Havia filas de cavalos e mulas.
E filas de rapazes imberbes de papeleta na mão.
Olá, que animação é esta? Aquilo era novo para mim, aproximei-me e fui meter o nariz onde não era chamado. Havia duas tendas grandes da tropa separadas por uma centena de metros. Na da esquerda alinhavam-se os equídeos, na da direita os mancebos.
Os moços – alguns com ar apalermado e ranho nas fuças – entravam na tenda, tiravam a roupa com ar encolhido e, meio envergonhados, com a papeleta a encobrir os genitais – ai que vergonha senhor doutor! – eram recebidos por um escriturário e inspeccionados pelo médico militar em todos os recantos do corpo. Sei que era assim porque os ouvia comentar o espanto de se verem em pelota em mútua avaliação sobre o tamanho da coisa.
Neste ritual de passagem os moços saíam aliviados do escrutínio físico, ficando a aguardar os resultados sobre que destino as sortes lhes reservara – se sorte ou azar – dependendo se ficavam aptos ou inaptos para o serviço militar.
O mesmo acontecia com os solípedes, como são chamados os animais cujas patas possuem um único casco, bichos grandes que dão coices como o cavalo e a mula.
E lá vinham os donos com eles pela arreata para serem examinados pelos veterinários militares. Os equídeos não precisavam despir-se, já vinham sem roupa como é habitual num animal de quatro patas.
Mulas e mulos – animais híbridos pelo cruzamento entre jumento e égua, ou entre cavalo e jumenta – eram anualmente registados, tal como os cavalos e as éguas. Eram inspeccionados pelo exército para serem requisitados se houvesse guerra e a tropa precisasse de batalhões de cavalgaduras.
Será que os doutores da veterinária também espreitavam para o traseiro das alimárias? Espreitavam. Eu bem os vi levantar a cauda dos bichos quando eles precisavam dela para sacudir as moscas.
Tal como os seus parceiros humanos, os animais vinham às sortes para identificar se tinham saúde ou sofriam de moléstias e vícios tipificados no manual da veterinária do exército. Coisas como vertigens, doenças dos pulmões e do coração, doenças do sistema nervoso, síndrome da imobilidade, doenças aerodigestivas que provocam inspiração sibilante ou roncante, birras ou manhas que tornem o solípede impróprio para ser treinado e levado para o campo de batalha.

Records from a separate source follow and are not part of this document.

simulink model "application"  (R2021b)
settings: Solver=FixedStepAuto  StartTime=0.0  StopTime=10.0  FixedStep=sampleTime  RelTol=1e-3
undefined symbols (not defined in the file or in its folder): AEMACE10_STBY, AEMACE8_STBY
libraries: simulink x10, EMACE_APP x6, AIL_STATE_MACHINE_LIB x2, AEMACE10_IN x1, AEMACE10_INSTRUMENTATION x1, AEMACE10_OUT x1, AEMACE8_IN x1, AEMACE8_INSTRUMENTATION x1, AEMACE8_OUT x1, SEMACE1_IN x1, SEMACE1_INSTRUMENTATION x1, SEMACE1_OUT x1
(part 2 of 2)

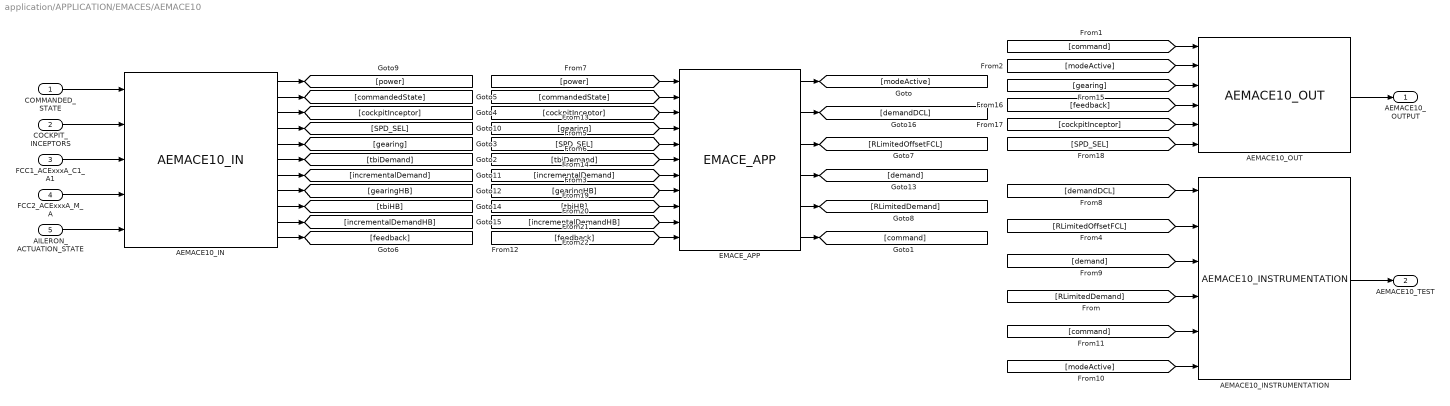
== system application/APPLICATION/EMACES/AEMACE10 ==
  COMMANDED_STATE : Inport
  COCKPIT_INCEPTORS : Inport  Port=2
  FCC1_ACExxxA_C1_A1 : Inport  Port=3
  FCC2_ACExxxA_M_A : Inport  Port=4
  AILERON_ACTUATION_STATE : Inport  Port=5
  AEMACE10_IN : AEMACE10_IN/AEMACE10_IN  SystemSampleTime=-1  VariantActivationTime=update diagram  Latency=0  AutoFrameSizeCalculation=off
  AEMACE10_INSTRUMENTATION : AEMACE10_INSTRUMENTATION/AEMACE10_INSTRUMENTATION  SystemSampleTime=-1  VariantActivationTime=update diagram  Latency=0  AutoFrameSizeCalculation=off
  AEMACE10_OUT : AEMACE10_OUT/AEMACE10_OUT  SystemSampleTime=-1  VariantActivationTime=update diagram  Latency=0  AutoFrameSizeCalculation=off
  EMACE_APP : EMACE_APP/EMACE_APP  SystemSampleTime=-1  VariantActivationTime=update diagram  Latency=0  AutoFrameSizeCalculation=off
      link override From10: GotoTag=command
  AEMACE10_OUTPUT : Outport
  AEMACE10_TEST : Outport  Port=2
  wires:
  COMMANDED_STATE/1 -> AEMACE10_IN/1
  COCKPIT_INCEPTORS/1 -> AEMACE10_IN/2
  FCC1_ACExxxA_C1_A1/1 -> AEMACE10_IN/3
  AILERON_ACTUATION_STATE/1 -> AEMACE10_IN/5
  [command] -> AEMACE10_OUT/1
  [modeActive] -> AEMACE10_OUT/2
  AEMACE10_OUT/1 -> AEMACE10_OUTPUT/1
  [demandDCL] -> AEMACE10_INSTRUMENTATION/1
  AEMACE10_INSTRUMENTATION/1 -> AEMACE10_TEST/1
  EMACE_APP/1 -> [modeActive]
  EMACE_APP/2 -> [demandDCL]
  EMACE_APP/6 -> [command]
  EMACE_APP/4 -> [demand]
  EMACE_APP/3 -> [RLimitedOffsetFCL]
  EMACE_APP/5 -> [RLimitedDemand]
  [modeActive] -> AEMACE10_INSTRUMENTATION/6
  [command] -> AEMACE10_INSTRUMENTATION/5
  [RLimitedDemand] -> AEMACE10_INSTRUMENTATION/4
  [demand] -> AEMACE10_INSTRUMENTATION/3
  [RLimitedOffsetFCL] -> AEMACE10_INSTRUMENTATION/2
  AEMACE10_IN/1 -> [power]
  AEMACE10_IN/4 -> [SPD_SEL]
  AEMACE10_IN/5 -> [gearing]
  AEMACE10_IN/6 -> [tbiDemand]
  AEMACE10_IN/11 -> [feedback]
  AEMACE10_IN/2 -> [commandedState]
  AEMACE10_IN/3 -> [cockpitInceptor]
  [power] -> EMACE_APP/1
  [commandedState] -> EMACE_APP/2
  [cockpitInceptor] -> EMACE_APP/3
  [gearing] -> EMACE_APP/4
  [SPD_SEL] -> EMACE_APP/5
  [tbiDemand] -> EMACE_APP/6
  [feedback] -> EMACE_APP/11
  [gearing] -> AEMACE10_OUT/3
  [feedback] -> AEMACE10_OUT/4
  [cockpitInceptor] -> AEMACE10_OUT/5
  [SPD_SEL] -> AEMACE10_OUT/6
  FCC2_ACExxxA_M_A/1 -> AEMACE10_IN/4
  AEMACE10_IN/7 -> [incrementalDemand]
  AEMACE10_IN/8 -> [gearingHB]
  AEMACE10_IN/9 -> [tbiHB]
  AEMACE10_IN/10 -> [incrementalDemandHB]
  [incrementalDemand] -> EMACE_APP/7
  [gearingHB] -> EMACE_APP/8
  [incrementalDemandHB] -> EMACE_APP/10
  [tbiHB] -> EMACE_APP/9

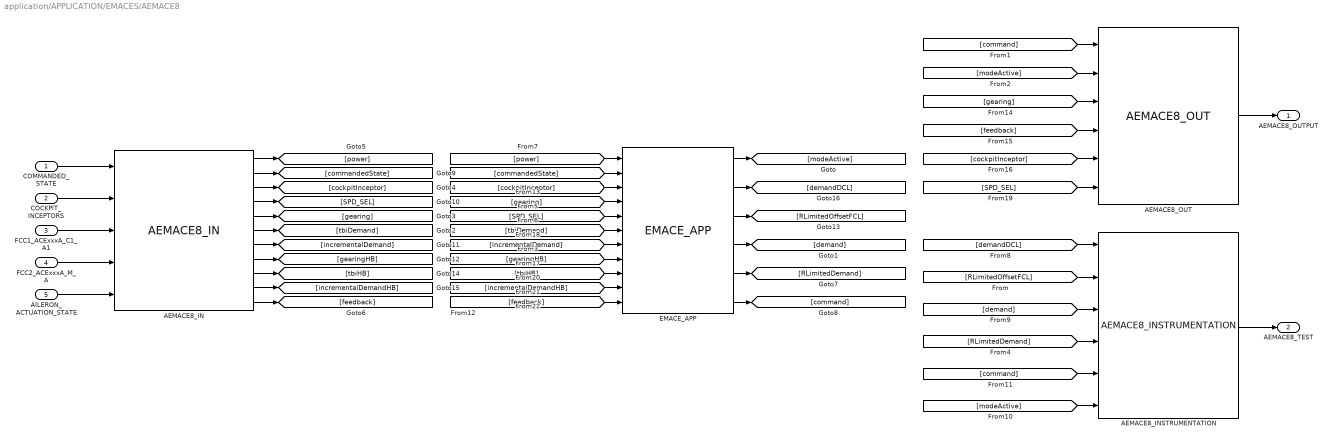
== system application/APPLICATION/EMACES/AEMACE8 ==
  COMMANDED_STATE : Inport
  COCKPIT_INCEPTORS : Inport  Port=2
  FCC1_ACExxxA_C1_A1 : Inport  Port=3
  FCC2_ACExxxA_M_A : Inport  Port=4
  AILERON_ACTUATION_STATE : Inport  Port=5
  AEMACE8_IN : AEMACE8_IN/AEMACE8_IN  SystemSampleTime=-1  VariantActivationTime=update diagram  Latency=0  AutoFrameSizeCalculation=off
      link override Rate Limiter: RisingSlewLimit=dataAEMACE.rateLimiterGearing  FallingSlewLimit=-dataAEMACE.rateLimiterGearing
  AEMACE8_INSTRUMENTATION : AEMACE8_INSTRUMENTATION/AEMACE8_INSTRUMENTATION  SystemSampleTime=-1  VariantActivationTime=update diagram  Latency=0  AutoFrameSizeCalculation=off
  AEMACE8_OUT : AEMACE8_OUT/AEMACE8_OUT  SystemSampleTime=-1  VariantActivationTime=update diagram  Latency=0  AutoFrameSizeCalculation=off
  EMACE_APP : EMACE_APP/EMACE_APP  SystemSampleTime=-1  VariantActivationTime=update diagram  Latency=0  AutoFrameSizeCalculation=off
  AEMACE8_OUTPUT : Outport
  AEMACE8_TEST : Outport  Port=2
  wires:
  COMMANDED_STATE/1 -> AEMACE8_IN/1
  COCKPIT_INCEPTORS/1 -> AEMACE8_IN/2
  FCC1_ACExxxA_C1_A1/1 -> AEMACE8_IN/3
  AILERON_ACTUATION_STATE/1 -> AEMACE8_IN/5
  AEMACE8_OUT/1 -> AEMACE8_OUTPUT/1
  [demandDCL] -> AEMACE8_INSTRUMENTATION/1
  AEMACE8_INSTRUMENTATION/1 -> AEMACE8_TEST/1
  EMACE_APP/1 -> [modeActive]
  EMACE_APP/2 -> [demandDCL]
  EMACE_APP/3 -> [RLimitedOffsetFCL]
  EMACE_APP/4 -> [demand]
  EMACE_APP/5 -> [RLimitedDemand]
  EMACE_APP/6 -> [command]
  [RLimitedOffsetFCL] -> AEMACE8_INSTRUMENTATION/2
  [demand] -> AEMACE8_INSTRUMENTATION/3
  [RLimitedDemand] -> AEMACE8_INSTRUMENTATION/4
  [command] -> AEMACE8_INSTRUMENTATION/5
  [modeActive] -> AEMACE8_INSTRUMENTATION/6
  [power] -> EMACE_APP/1
  [commandedState] -> EMACE_APP/2
  [cockpitInceptor] -> EMACE_APP/3
  [gearing] -> EMACE_APP/4
  [command] -> AEMACE8_OUT/1
  [modeActive] -> AEMACE8_OUT/2
  [gearing] -> AEMACE8_OUT/3
  [feedback] -> AEMACE8_OUT/4
  [cockpitInceptor] -> AEMACE8_OUT/5
  [SPD_SEL] -> EMACE_APP/5
  [tbiDemand] -> EMACE_APP/6
  [feedback] -> EMACE_APP/11
  [SPD_SEL] -> AEMACE8_OUT/6
  FCC2_ACExxxA_M_A/1 -> AEMACE8_IN/4
  AEMACE8_IN/1 -> [power]
  AEMACE8_IN/2 -> [commandedState]
  AEMACE8_IN/3 -> [cockpitInceptor]
  AEMACE8_IN/4 -> [SPD_SEL]
  AEMACE8_IN/5 -> [gearing]
  AEMACE8_IN/6 -> [tbiDemand]
  AEMACE8_IN/11 -> [feedback]
  AEMACE8_IN/7 -> [incrementalDemand]
  AEMACE8_IN/8 -> [gearingHB]
  AEMACE8_IN/9 -> [tbiHB]
  AEMACE8_IN/10 -> [incrementalDemandHB]
  [incrementalDemand] -> EMACE_APP/7
  [gearingHB] -> EMACE_APP/8
  [tbiHB] -> EMACE_APP/9
  [incrementalDemandHB] -> EMACE_APP/10

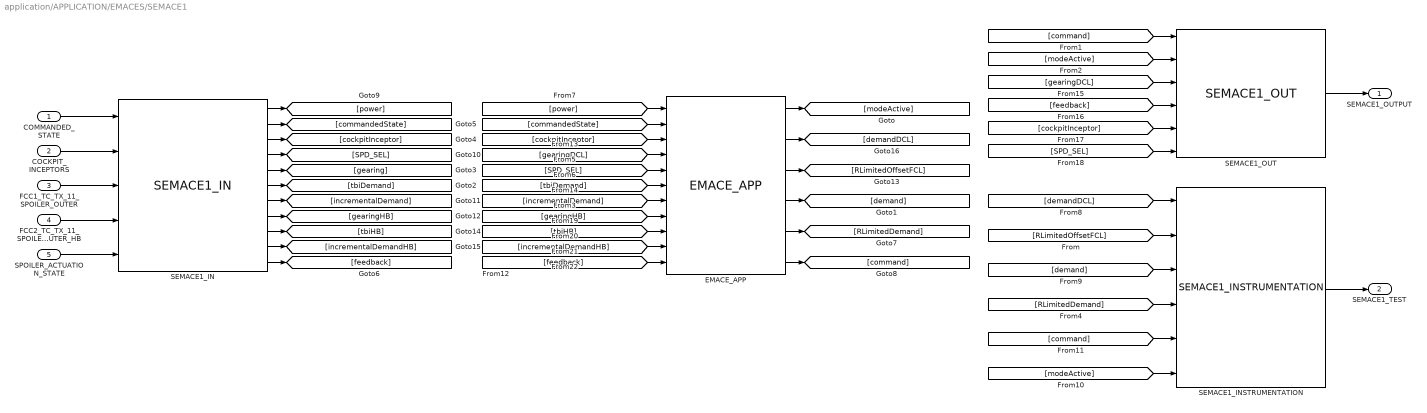
== system application/APPLICATION/EMACES/SEMACE1 ==
  COMMANDED_STATE : Inport
  COCKPIT_INCEPTORS : Inport  Port=2
  FCC1_TC_TX_11_SPOILER_OUTER : Inport  Port=3  OutDataTypeStr=Bus: FCC1_TC_TX_11_SPOILER_OUTER
  FCC2_TC_TX_11_SPOILER_OUTER_HB : Inport  Port=4  OutDataTypeStr=Bus: FCC2_TC_TX_11_SPOILER_OUTER_HB
  SPOILER_ACTUATION_STATE : Inport  Port=5  OutDataTypeStr=Bus: SPOILER_ACTUATION_STATE
  EMACE_APP : EMACE_APP/EMACE_APP  SystemSampleTime=-1  VariantActivationTime=update diagram  Latency=0  AutoFrameSizeCalculation=off
  SEMACE1_IN : SEMACE1_IN/SEMACE1_IN  SystemSampleTime=-1  VariantActivationTime=update diagram  Latency=0  AutoFrameSizeCalculation=off
  SEMACE1_INSTRUMENTATION : SEMACE1_INSTRUMENTATION/SEMACE1_INSTRUMENTATION  SystemSampleTime=-1  VariantActivationTime=update diagram  Latency=0  AutoFrameSizeCalculation=off
  SEMACE1_OUT : SEMACE1_OUT/SEMACE1_OUT  SystemSampleTime=-1  VariantActivationTime=update diagram  Latency=0  AutoFrameSizeCalculation=off
  SEMACE1_OUTPUT : Outport
  SEMACE1_TEST : Outport  Port=2
  wires:
  COMMANDED_STATE/1 -> SEMACE1_IN/1
  COCKPIT_INCEPTORS/1 -> SEMACE1_IN/2
  FCC1_TC_TX_11_SPOILER_OUTER/1 -> SEMACE1_IN/3
  SPOILER_ACTUATION_STATE/1 -> SEMACE1_IN/5
  [command] -> SEMACE1_OUT/1
  [modeActive] -> SEMACE1_OUT/2
  SEMACE1_OUT/1 -> SEMACE1_OUTPUT/1
  [demandDCL] -> SEMACE1_INSTRUMENTATION/1
  SEMACE1_INSTRUMENTATION/1 -> SEMACE1_TEST/1
  EMACE_APP/1 -> [modeActive]
  EMACE_APP/2 -> [demandDCL]
  EMACE_APP/3 -> [RLimitedOffsetFCL]
  EMACE_APP/4 -> [demand]
  EMACE_APP/5 -> [RLimitedDemand]
  EMACE_APP/6 -> [command]
  [RLimitedOffsetFCL] -> SEMACE1_INSTRUMENTATION/2
  [demand] -> SEMACE1_INSTRUMENTATION/3
  [RLimitedDemand] -> SEMACE1_INSTRUMENTATION/4
  [command] -> SEMACE1_INSTRUMENTATION/5
  [modeActive] -> SEMACE1_INSTRUMENTATION/6
  SEMACE1_IN/4 -> [SPD_SEL]
  SEMACE1_IN/5 -> [gearing]
  SEMACE1_IN/6 -> [tbiDemand]
  SEMACE1_IN/11 -> [feedback]
  SEMACE1_IN/1 -> [power]
  SEMACE1_IN/2 -> [commandedState]
  SEMACE1_IN/3 -> [cockpitInceptor]
  [power] -> EMACE_APP/1
  [commandedState] -> EMACE_APP/2
  [cockpitInceptor] -> EMACE_APP/3
  [gearingDCL] -> EMACE_APP/4
  [SPD_SEL] -> EMACE_APP/5
  [tbiDemand] -> EMACE_APP/6
  [feedback] -> EMACE_APP/11
  [gearingDCL] -> SEMACE1_OUT/3
  [feedback] -> SEMACE1_OUT/4
  [cockpitInceptor] -> SEMACE1_OUT/5
  [SPD_SEL] -> SEMACE1_OUT/6
  FCC2_TC_TX_11_SPOILER_OUTER_HB/1 -> SEMACE1_IN/4
  SEMACE1_IN/7 -> [incrementalDemand]
  SEMACE1_IN/8 -> [gearingHB]
  SEMACE1_IN/9 -> [tbiHB]
  SEMACE1_IN/10 -> [incrementalDemandHB]
  [incrementalDemandHB] -> EMACE_APP/10
  [tbiHB] -> EMACE_APP/9
  [gearingHB] -> EMACE_APP/8
  [incrementalDemand] -> EMACE_APP/7

== system application/APPLICATION/EMACES/SEMACE2 ==
  COMMANDED_STATE : Inport
  COCKPIT_INCEPTORS : Inport  Port=2
  FCC1_TC_TX_12_SPOILER_INNER : Inport  Port=3  OutDataTypeStr=Bus: FCC1_TC_TX_12_SPOILER_INNER
  FCC2_TC_TX_12_SPOILER_INNER_HB : Inport  Port=4  OutDataTypeStr=Bus: FCC2_TC_TX_12_SPOILER_INNER_HB
  SPOILER_ACTUATION_STATE : Inport  Port=5  OutDataTypeStr=Bus: SPOILER_ACTUATION_STATE
  EMACE_APP : EMACE_APP/EMACE_APP  SystemSampleTime=-1  VariantActivationTime=update diagram  Latency=0  AutoFrameSizeCalculation=off
  SEMACE2_IN : SEMACE2_IN/SEMACE2_IN  SystemSampleTime=-1  VariantActivationTime=update diagram  Latency=0  AutoFrameSizeCalculation=off
  SEMACE2_INSTRUMENTATION : SEMACE2_INSTRUMENTATION/SEMACE2_INSTRUMENTATION  SystemSampleTime=-1  VariantActivationTime=update diagram  Latency=0  AutoFrameSizeCalculation=off
  SEMACE2_OUT : SEMACE2_OUT/SEMACE2_OUT  SystemSampleTime=-1  VariantActivationTime=update diagram  Latency=0  AutoFrameSizeCalculation=off
  SEMACE2_OUTPUT : Outport
  SEMACE2_TEST : Outport  Port=2
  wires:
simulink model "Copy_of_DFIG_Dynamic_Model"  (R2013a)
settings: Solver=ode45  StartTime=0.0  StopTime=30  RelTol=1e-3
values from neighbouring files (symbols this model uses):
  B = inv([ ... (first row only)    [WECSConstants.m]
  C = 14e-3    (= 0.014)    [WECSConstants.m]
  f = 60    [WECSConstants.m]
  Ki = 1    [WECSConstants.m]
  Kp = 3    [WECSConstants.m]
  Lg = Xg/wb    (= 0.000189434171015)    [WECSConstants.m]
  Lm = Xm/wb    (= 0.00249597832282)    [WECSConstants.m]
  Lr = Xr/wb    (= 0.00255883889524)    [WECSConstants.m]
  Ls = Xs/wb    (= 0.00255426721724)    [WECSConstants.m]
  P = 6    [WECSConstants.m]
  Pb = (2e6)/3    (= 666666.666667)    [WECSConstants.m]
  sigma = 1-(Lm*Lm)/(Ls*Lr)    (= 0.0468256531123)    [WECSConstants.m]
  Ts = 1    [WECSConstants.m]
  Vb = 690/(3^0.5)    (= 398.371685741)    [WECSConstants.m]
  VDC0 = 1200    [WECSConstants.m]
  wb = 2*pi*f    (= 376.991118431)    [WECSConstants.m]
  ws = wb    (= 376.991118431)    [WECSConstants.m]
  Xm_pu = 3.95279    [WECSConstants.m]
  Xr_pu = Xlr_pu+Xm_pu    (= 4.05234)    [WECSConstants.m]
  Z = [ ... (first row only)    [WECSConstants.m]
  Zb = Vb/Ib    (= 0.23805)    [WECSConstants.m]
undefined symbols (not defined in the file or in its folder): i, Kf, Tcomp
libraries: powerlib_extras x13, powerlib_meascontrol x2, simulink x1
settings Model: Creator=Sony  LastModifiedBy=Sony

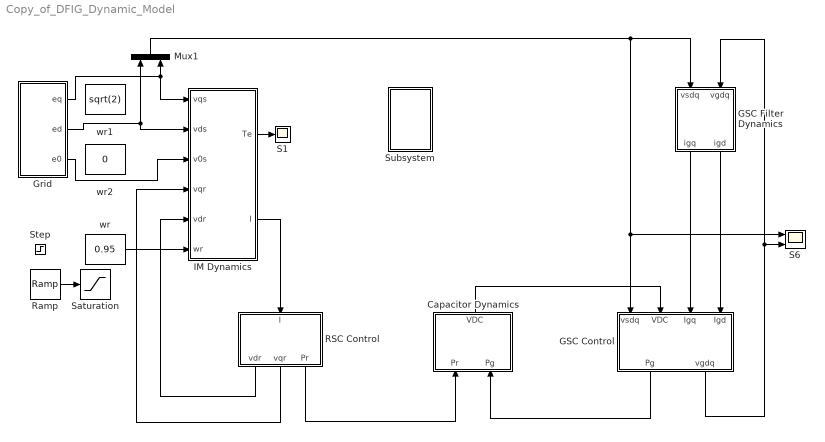
== system Copy_of_DFIG_Dynamic_Model ==
  Capacitor Dynamics : Subsystem
  GSC Control : Subsystem
  GSC Filter Dynamics : Subsystem
  Grid : Subsystem
  IM Dynamics : Subsystem
  Mux1 : Mux  Inputs=2
  RSC Control : Subsystem
  Ramp : simulink/Sources/Ramp  slope=1/5  start=1  X0=0
  S1 : Scope
      settings: SaveName=ScopeData14
  S6 : Scope  NumInputPorts=2
      settings: YMin=0~5.55112e-17  YMax=1.5~1.5  SaveName=ScopeData16
  Saturation : Saturate  UpperLimit=0.95
  Step : Step  Time=0  After=0.95  SampleTime=0
  Subsystem : Subsystem
  wr : Constant  Value=0.95
  wr1 : Constant  Value=sqrt(2)
  wr2 : Constant  Value=0
  wires:
  IM Dynamics/2(I) -> RSC Control/1(I)
  Grid/1(eq) -> IM Dynamics/1(vqs), Mux1/2
  RSC Control/1(vdr) -> IM Dynamics/5(vdr)
  RSC Control/2(vqr) -> IM Dynamics/4(vqr)
  RSC Control/3(Pr) -> Capacitor Dynamics/1(Pr)
  Capacitor Dynamics/1(VDC) -> GSC Control/2(VDC)
  GSC Control/1(Pg) -> Capacitor Dynamics/2(Pg)
  Mux1/1 -> GSC Filter Dynamics/1(vsdq), GSC Control/1(vsdq), S6/1
  GSC Control/2(vgdq) -> GSC Filter Dynamics/2(vgdq), S6/2
  GSC Filter Dynamics/1(igq) -> GSC Control/3(Igq)
  GSC Filter Dynamics/2(igd) -> GSC Control/4(Igd)
  IM Dynamics/1(Te) -> S1/1
  Ramp/1 -> Saturation/1
  wr/1 -> IM Dynamics/6(wr)
  Grid/2(ed) -> IM Dynamics/2(vds), Mux1/1
  Grid/3(e0) -> IM Dynamics/3(v0s)

== system Copy_of_DFIG_Dynamic_Model/Capacitor Dynamics ==
  Pr : Inport
  Pg : Inport  Port=2
  C1 : powerlib_extras/Discrete  Control Blocks/Discrete PI Controller  Kp=0  Ki=1/(C*VDC0)  Par_Limits=[1205 1195]  Init=1200  Ts=50e-6
  G : Gain  Gain=Pb
  G1 : Gain  Gain=1/Vb
  Mux : Mux  Inputs=3
  S2 : Scope
      settings: YMin=1190  YMax=1210  SaveName=ScopeData5
  S3 : Scope
      settings: YMin=-0.5  YMax=0.5  SaveName=ScopeData12
  Sum : Sum  Inputs=|--
  VDC : Outport
  wires:
  Sum/1 -> G/1
  Pr/1 -> Sum/1, Mux/2
  Pg/1 -> Sum/2, Mux/1
  C1/1 -> S2/1, G1/1
  G/1 -> C1/1
  G1/1 -> VDC/1
  [Qg] -> Mux/3
  Mux/1 -> S3/1

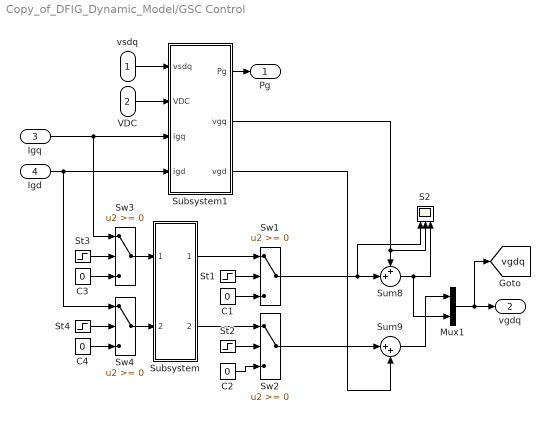
== system Copy_of_DFIG_Dynamic_Model/GSC Control ==
  vsdq : Inport
  VDC : Inport  Port=2
  Igq : Inport  Port=3
  Igd : Inport  Port=4
  C{1..4} (4 alike) : Constant  Value=0
  Mux1 : Mux  Inputs=2
  S2 : Scope  NumInputPorts=3
      settings: YMin=-10~0~1.4137  YMax=10~2~1.4147  SaveName=ScopeData53
  St{1..4} (4 alike) : Step  Time=Tcomp  Before=-1  SampleTime=0
  Subsystem : Subsystem
  Subsystem1 : Subsystem
  Sum8 : Sum  Inputs=++|
  Sum9 : Sum  Inputs=|++
  Sw1 : Switch  SampleTime=Ts
  Sw2 : Switch  SampleTime=Ts
  Sw3 : Switch
  Sw4 : Switch
  Pg : Outport
  vgdq : Outport  Port=2
  tag scope: vgdq=global
  wires:
  Mux1/1 -> [vgdq], vgdq/1
  vsdq/1 -> Subsystem1/1(vsdq)
  VDC/1 -> Subsystem1/2(VDC)
  Subsystem1/1(Pg) -> Pg/1
  Subsystem1/2(vgq) -> S2/2, Sum8/1
  Subsystem1/3(vgd) -> Sum9/2
  St1/1 -> Sw1/2
  C1/1 -> Sw1/3
  Subsystem/1(vgq) -> Sw1/1
  St2/1 -> Sw2/2
  C2/1 -> Sw2/3
  Subsystem/2(vgd) -> Sw2/1
  Sw1/1 -> S2/1, Sum8/2
  Sw2/1 -> Sum9/1
  Sum9/1 -> Mux1/1
  St3/1 -> Sw3/2
  C3/1 -> Sw3/3
  Igq/1 -> Subsystem1/3(igq), Sw3/1
  Sw3/1 -> Subsystem/1(igq)
  St4/1 -> Sw4/2
  C4/1 -> Sw4/3
  Igd/1 -> Sw4/1, Subsystem1/4(igd)
  Sw4/1 -> Subsystem/2(igd)
  Sum8/1 -> S2/3, Mux1/2

== system Copy_of_DFIG_Dynamic_Model/GSC Filter Dynamics ==
  vsdq : Inport
  vgdq : Inport  Port=2
  Add : Sum  Inputs=+-
  Add1 : Sum  Inputs=+-
  Demux : Demux  Outputs=2
  Demux1 : Demux  Outputs=2
  G : Gain
  G1 : Gain  Gain=-Zb/(wb*Lg)
  G2 : Gain  Gain=Zb/(wb*Lg)
  Mux2 : Mux  Inputs=2
  S1 : Scope  NumInputPorts=2
      settings: YMin=1.31236e+20~-5.13413e+16  YMax=1.4505e+20~-4.64517e+16  SaveName=ScopeData31
  S3 : Scope
      settings: YMin=-1  YMax=1  SaveName=ScopeData10
  igq : Outport
  igd : Outport  Port=2
  tag scope: igdq=global
  wires:
  vsdq/1 -> Demux1/1
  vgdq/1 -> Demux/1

Quando tomei consciência das patologias nos bichos que iam à inspecção, dei por mim a pensar o que diria uma mula que no campo de batalha sofresse de síndrome da imobilidade: ó soldado, daqui não saio, se o inimigo está ali à frente, avança tu que és humano e carne para canhão.
Ou um cavalo com respiração sibilante, movendo-se no silêncio da noite, o cavaleiro a apertar-lhe os queixos e a segredar-lhe ao ouvido: cala-te, pá, tens o fole roto, olha que acordas o inimigo com os teus assobios.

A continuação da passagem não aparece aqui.